This paper aims to further a discussion already initiated or sketched elsewhere (Cruz, 2021b, forthcoming), (1) identifying steps and hypotheses concerning the decolonization—or decolonial enlargement—of the mainstream philosophy of technology (PT) and (2) discussing how to make PT actively decolonial. As in the above-mentioned previous works, the article’s main contribution is widening and deepening critiques and tentative decolonial pathways to established PT based on what can be learned from decolonial engineering, architecture, and design practices. I call such an approach bottom-up decolonization of PT, as it starts from how technicalFootnote 1 development is already manifesting itself today, even if only marginally and mainly in the peripheries, and from what can be learned from grassroots or (other) marginalized groups.

In addition to that, a dialog will be tried with decolonial initiatives of PT, such as Hui’s (2016, 2017) and Ansari’s (2019). They do not start from the empirical manifestation of technical production and grassroots people’s knowledge, but from philosophy and scholars, thus proceeding through a non-empirically informed reflection, which is taken as a necessary condition for conceiving and constructing new cosmotechnics (Hui, 2016, 2017) or decolonial designs (Ansari, 2019). I call such an approach top-down, as it starts with reflection and theory all the way down to empirical technical constructions and design practices.

Despite that distinction, bottom-up and top-down decolonization of PT can be made complementary. Incorporating the latter here, even only with a supporting role, seeks to make more robust the point concerning the decolonization of PT. Either way, and for this paper to be grasped as it was meant to, its central concern is what we can learn from decolonial designs and how PT can support design teams to improve and multiply their decolonial interventions and sociotechnical constructions. Hence, decolonizing PT is necessary so to help us understand better and critically decolonial designs and sociotechnical solutions. Further, it can also enlarge our philosophical comprehension of technology and design, liberating us from its colonial imprisonments. However, to support and foster decolonial interventions, decolonizing PT should also make PT decolonial, actively advancing decoloniality. In sum, and paraphrasing Marx, this article intends to contribute to widening our philosophical understanding of technology and technical design in order to increase the potential of decolonial interventions and sociotechnical constructions to change the world.
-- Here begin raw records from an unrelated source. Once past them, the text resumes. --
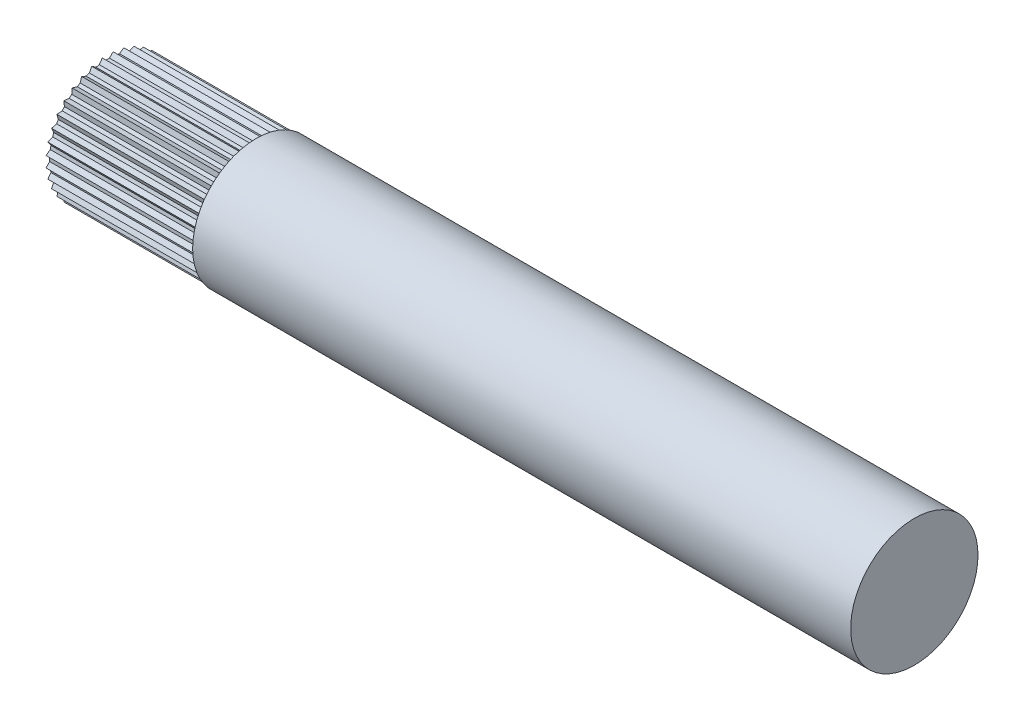
SolidWorks part; units mm, degrees
material "AISI 1015 Steel, Cold Drawn (SS)"
ref_plane "X-Y Datum" through (0, 0, 0) normal (0, 0, 1) x (1, 0, 0)
ref_plane "X-Z Datum" through (0, 0, 0) normal (0, 1, 0) x (1, 0, 0)
ref_plane "Y-Z Datum" through (0, 0, 0) normal (1, 0, 0) x (0, 0, -1)
sketch "Sketch1" plane through (0, 0, 0) normal (0, 1, 0) x (1, 0, 0)
  line L0 (139.925, 9.525) -> (139.925, 7.9375)
  line L1 (139.925, 7.9375) -> (19.25, 7.9375)
  line L2 (19.25, 7.9375) -> (19.25, 9.525)
  line L3 (19.25, 9.525) -> (139.925, 9.525)
  line L6 (157.324, 0) -> (-11.2643, 0) construction
  line L7 (19.25, 9.525) -> (19.25, -9.525) construction
  dimension "D1" = 1.5875
revolve "Revolve1" add sketch "Sketch1" angle 360 about L6
sketch "Sketch4" plane through (0, 0, 0) normal (1, 0, 0) x (0, 0, -1)
  line L0 (-9.2357, 0.808) -> (-8.6817, 0.254)
  line L1 (-8.6817, 0.254) -> (-8.6817, -0.254)
  line L2 (-8.6817, -0.254) -> (-9.2357, -0.808)
  line L3 (-8.6817, 0) -> (0, 0) construction
  line L4 (-8.5939, 1.2574) -> (-9.2357, 0.808)
  line L5 (-8.5057, 1.7577) -> (-8.5939, 1.2574)
  line L6 (-8.9551, 2.3995) -> (-8.5057, 1.7577)
  line L7 (-8.245, 2.7306) -> (-8.9551, 2.3995)
  line L8 (-8.0713, 3.208) -> (-8.245, 2.7306)
  line L9 (-8.4024, 3.9181) -> (-8.0713, 3.208)
  line L10 (-7.6456, 4.1209) -> (-8.4024, 3.9181)
  line L11 (-7.3916, 4.5608) -> (-7.6456, 4.1209)
  line L12 (-7.5944, 5.3176) -> (-7.3916, 4.5608)
  line L13 (-6.8138, 5.3859) -> (-7.5944, 5.3176)
  line L14 (-6.4873, 5.7751) -> (-6.8138, 5.3859)
  line L15 (-6.5556, 6.5556) -> (-6.4873, 5.7751)
  line L16 (-5.7751, 6.4873) -> (-6.5556, 6.5556)
  line L17 (-5.3859, 6.8138) -> (-5.7751, 6.4873)
  line L18 (-5.3176, 7.5944) -> (-5.3859, 6.8138)
  line L19 (-4.5608, 7.3916) -> (-5.3176, 7.5944)
  line L20 (-4.1209, 7.6456) -> (-4.5608, 7.3916)
  line L21 (-3.9181, 8.4024) -> (-4.1209, 7.6456)
  line L22 (-3.208, 8.0713) -> (-3.9181, 8.4024)
  line L23 (-2.7306, 8.245) -> (-3.208, 8.0713)
  line L24 (-2.3995, 8.9551) -> (-2.7306, 8.245)
  line L25 (-1.7577, 8.5057) -> (-2.3995, 8.9551)
  line L26 (-1.2574, 8.5939) -> (-1.7577, 8.5057)
  line L27 (-0.808, 9.2357) -> (-1.2574, 8.5939)
  line L28 (-0.254, 8.6817) -> (-0.808, 9.2357)
  line L29 (0.254, 8.6817) -> (-0.254, 8.6817)
  line L30 (0.808, 9.2357) -> (0.254, 8.6817)
  line L31 (1.2574, 8.5939) -> (0.808, 9.2357)
  line L32 (1.7577, 8.5057) -> (1.2574, 8.5939)
  line L33 (2.3995, 8.9551) -> (1.7577, 8.5057)
  line L34 (2.7306, 8.245) -> (2.3995, 8.9551)
  line L35 (3.208, 8.0713) -> (2.7306, 8.245)
  line L36 (3.9181, 8.4024) -> (3.208, 8.0713)
  line L37 (4.1209, 7.6456) -> (3.9181, 8.4024)
  line L38 (4.5608, 7.3916) -> (4.1209, 7.6456)
  line L39 (5.3176, 7.5944) -> (4.5608, 7.3916)
  line L40 (5.3859, 6.8138) -> (5.3176, 7.5944)
  line L41 (5.7751, 6.4873) -> (5.3859, 6.8138)
  line L42 (6.5556, 6.5556) -> (5.7751, 6.4873)
  line L43 (6.4873, 5.7751) -> (6.5556, 6.5556)
  line L44 (6.8138, 5.3859) -> (6.4873, 5.7751)
  line L45 (7.5944, 5.3176) -> (6.8138, 5.3859)
  line L46 (7.3916, 4.5608) -> (7.5944, 5.3176)
  line L47 (7.6456, 4.1209) -> (7.3916, 4.5608)
  line L48 (8.4024, 3.9181) -> (7.6456, 4.1209)
  line L49 (8.0713, 3.208) -> (8.4024, 3.9181)
  line L50 (8.245, 2.7306) -> (8.0713, 3.208)
  line L51 (8.9551, 2.3995) -> (8.245, 2.7306)
  line L52 (8.5057, 1.7577) -> (8.9551, 2.3995)
  line L53 (8.5939, 1.2574) -> (8.5057, 1.7577)
  line L54 (9.2357, 0.808) -> (8.5939, 1.2574)
  line L55 (8.6817, 0.254) -> (9.2357, 0.808)
  line L56 (8.6817, -0.254) -> (8.6817, 0.254)
  line L57 (9.2357, -0.808) -> (8.6817, -0.254)
  line L58 (8.5939, -1.2574) -> (9.2357, -0.808)
  line L59 (8.5057, -1.7577) -> (8.5939, -1.2574)
  line L60 (8.9551, -2.3995) -> (8.5057, -1.7577)
  line L61 (8.245, -2.7306) -> (8.9551, -2.3995)
  line L62 (8.0713, -3.208) -> (8.245, -2.7306)
  line L63 (8.4024, -3.9181) -> (8.0713, -3.208)
  line L64 (7.6456, -4.1209) -> (8.4024, -3.9181)
  line L65 (7.3916, -4.5608) -> (7.6456, -4.1209)
  line L66 (7.5944, -5.3176) -> (7.3916, -4.5608)
  line L67 (6.8138, -5.3859) -> (7.5944, -5.3176)
  line L68 (6.4873, -5.7751) -> (6.8138, -5.3859)
  line L69 (6.5556, -6.5556) -> (6.4873, -5.7751)
  line L70 (5.7751, -6.4873) -> (6.5556, -6.5556)
  line L71 (5.3859, -6.8138) -> (5.7751, -6.4873)
  line L72 (5.3176, -7.5944) -> (5.3859, -6.8138)
  line L73 (4.5608, -7.3916) -> (5.3176, -7.5944)
  line L74 (4.1209, -7.6456) -> (4.5608, -7.3916)
  line L75 (3.9181, -8.4024) -> (4.1209, -7.6456)
  line L76 (3.208, -8.0713) -> (3.9181, -8.4024)
  line L77 (2.7306, -8.245) -> (3.208, -8.0713)
  line L78 (2.3995, -8.9551) -> (2.7306, -8.245)
  line L79 (1.7577, -8.5057) -> (2.3995, -8.9551)
  line L80 (1.2574, -8.5939) -> (1.7577, -8.5057)
  line L81 (0.808, -9.2357) -> (1.2574, -8.5939)
  line L82 (0.254, -8.6817) -> (0.808, -9.2357)
  line L83 (-0.254, -8.6817) -> (0.254, -8.6817)
  line L84 (-0.808, -9.2357) -> (-0.254, -8.6817)
  line L85 (-1.2574, -8.5939) -> (-0.808, -9.2357)
  line L86 (-1.7577, -8.5057) -> (-1.2574, -8.5939)
  line L87 (-2.3995, -8.9551) -> (-1.7577, -8.5057)
  line L88 (-2.7306, -8.245) -> (-2.3995, -8.9551)
  line L89 (-3.208, -8.0713) -> (-2.7306, -8.245)
  line L90 (-3.9181, -8.4024) -> (-3.208, -8.0713)
  line L91 (-4.1209, -7.6456) -> (-3.9181, -8.4024)
  line L92 (-4.5608, -7.3916) -> (-4.1209, -7.6456)
  line L93 (-5.3176, -7.5944) -> (-4.5608, -7.3916)
  line L94 (-5.3859, -6.8138) -> (-5.3176, -7.5944)
  line L95 (-5.7751, -6.4873) -> (-5.3859, -6.8138)
  line L96 (-6.5556, -6.5556) -> (-5.7751, -6.4873)
  line L97 (-6.4873, -5.7751) -> (-6.5556, -6.5556)
  line L98 (-6.8138, -5.3859) -> (-6.4873, -5.7751)
  line L99 (-7.5944, -5.3176) -> (-6.8138, -5.3859)
  line L100 (-7.3916, -4.5608) -> (-7.5944, -5.3176)
  line L101 (-7.6456, -4.1209) -> (-7.3916, -4.5608)
  line L102 (-8.4024, -3.9181) -> (-7.6456, -4.1209)
  line L103 (-8.0713, -3.208) -> (-8.4024, -3.9181)
  line L104 (-8.245, -2.7306) -> (-8.0713, -3.208)
  line L105 (-8.9551, -2.3995) -> (-8.245, -2.7306)
  line L106 (-8.5057, -1.7577) -> (-8.9551, -2.3995)
  line L107 (-8.5939, -1.2574) -> (-8.5057, -1.7577)
  line L108 (-9.2357, -0.808) -> (-8.5939, -1.2574)
  circle A0 centre (0, 0) radius 8.6854 construction
  circle A1 centre (0, 0) radius 9.271 construction
  circle A2 centre (0, 0) radius 12.7
  point P155 (0, 0)
  dimension "D1" = 18.542
  dimension "D2" = 0.508
  dimension "D3" = 17.3708
  dimension "D6" = 25.4
  dimension "D4" = 135
  dimension "D5" = 1.616
  dimension "D7" = 36
extrude "Cut-Extrude2" cut sketch "Sketch4" along normal blind 22.225 from surface at 19.25 starting at face at (19.25, 0, -7.9375)
sketch "Sketch5" plane through (139.925, 0, 0) normal (1, 0, 0) x (0, 0, -1)
  circle A0 centre (0, 0) radius 7.9375
  dimension "D1" = 15.875
extrude "Boss-Extrude1" add sketch "Sketch5" against normal up to surface (120.675 mm away) up to face at (19.25, 0, 0)

In what follows, the paper is divided into four parts. Part one presents some definitions and theoretical bases concerning the (strand of the) decolonial reflection that substantiates this work. In part two, the characteristics of decolonial designs or sociotechnical solutions (so to achieve/promote decoloniality) are discussed, Hui’s and Ansari’s top-down decolonial proposals are presented, as well as the necessity of bottom-up approaches to achieve decoloniality and four examples of them (from engineering, architecture, and programming). Part three draws on the previous ones to discuss what it could mean to decolonize PT, focusing on three main areas: the ontology of technology and technical design; the epistemology of technical design; and politics concerning sociotechnical (decolonial) design and PT. Finally, part four recalls the article’s central points and proposes how PT can become decolonial.

2 Coloniality and Decoloniality

Colonialism is the ideology that both justified or legitimized colonization and was produced by it, i.e., by the military occupation and economic and cultural subjugation of American, African, and Asian territories and peoples by European nations (Estermann, 2014, p. 3). Two central constructions to colonialism are race—to make evident the colonized’s supposed natural inferiority and their need to be ruled and educated by the Europeans – and the destruction, denial, or disregard of native knowledge, which Santos (2016) calls epistemicide (Nhemachena & Matowaniyka, 2020; Quijano, 1999; Santos, 2016). In Foucault’s terms (1980, 2000), colonialism operates as the regime of truth or episteme of this particular articulation of power that conjugates the colonial system and capitalism. It arises as a construction of such power arrangement that also supports it (justifying and legitimizing it) and interdicts or makes it much harder to conceiving or theoretically supporting other power arrangements (given the natural inferiority of both the colonized and their knowledge, ways of knowing, worldviews, and values).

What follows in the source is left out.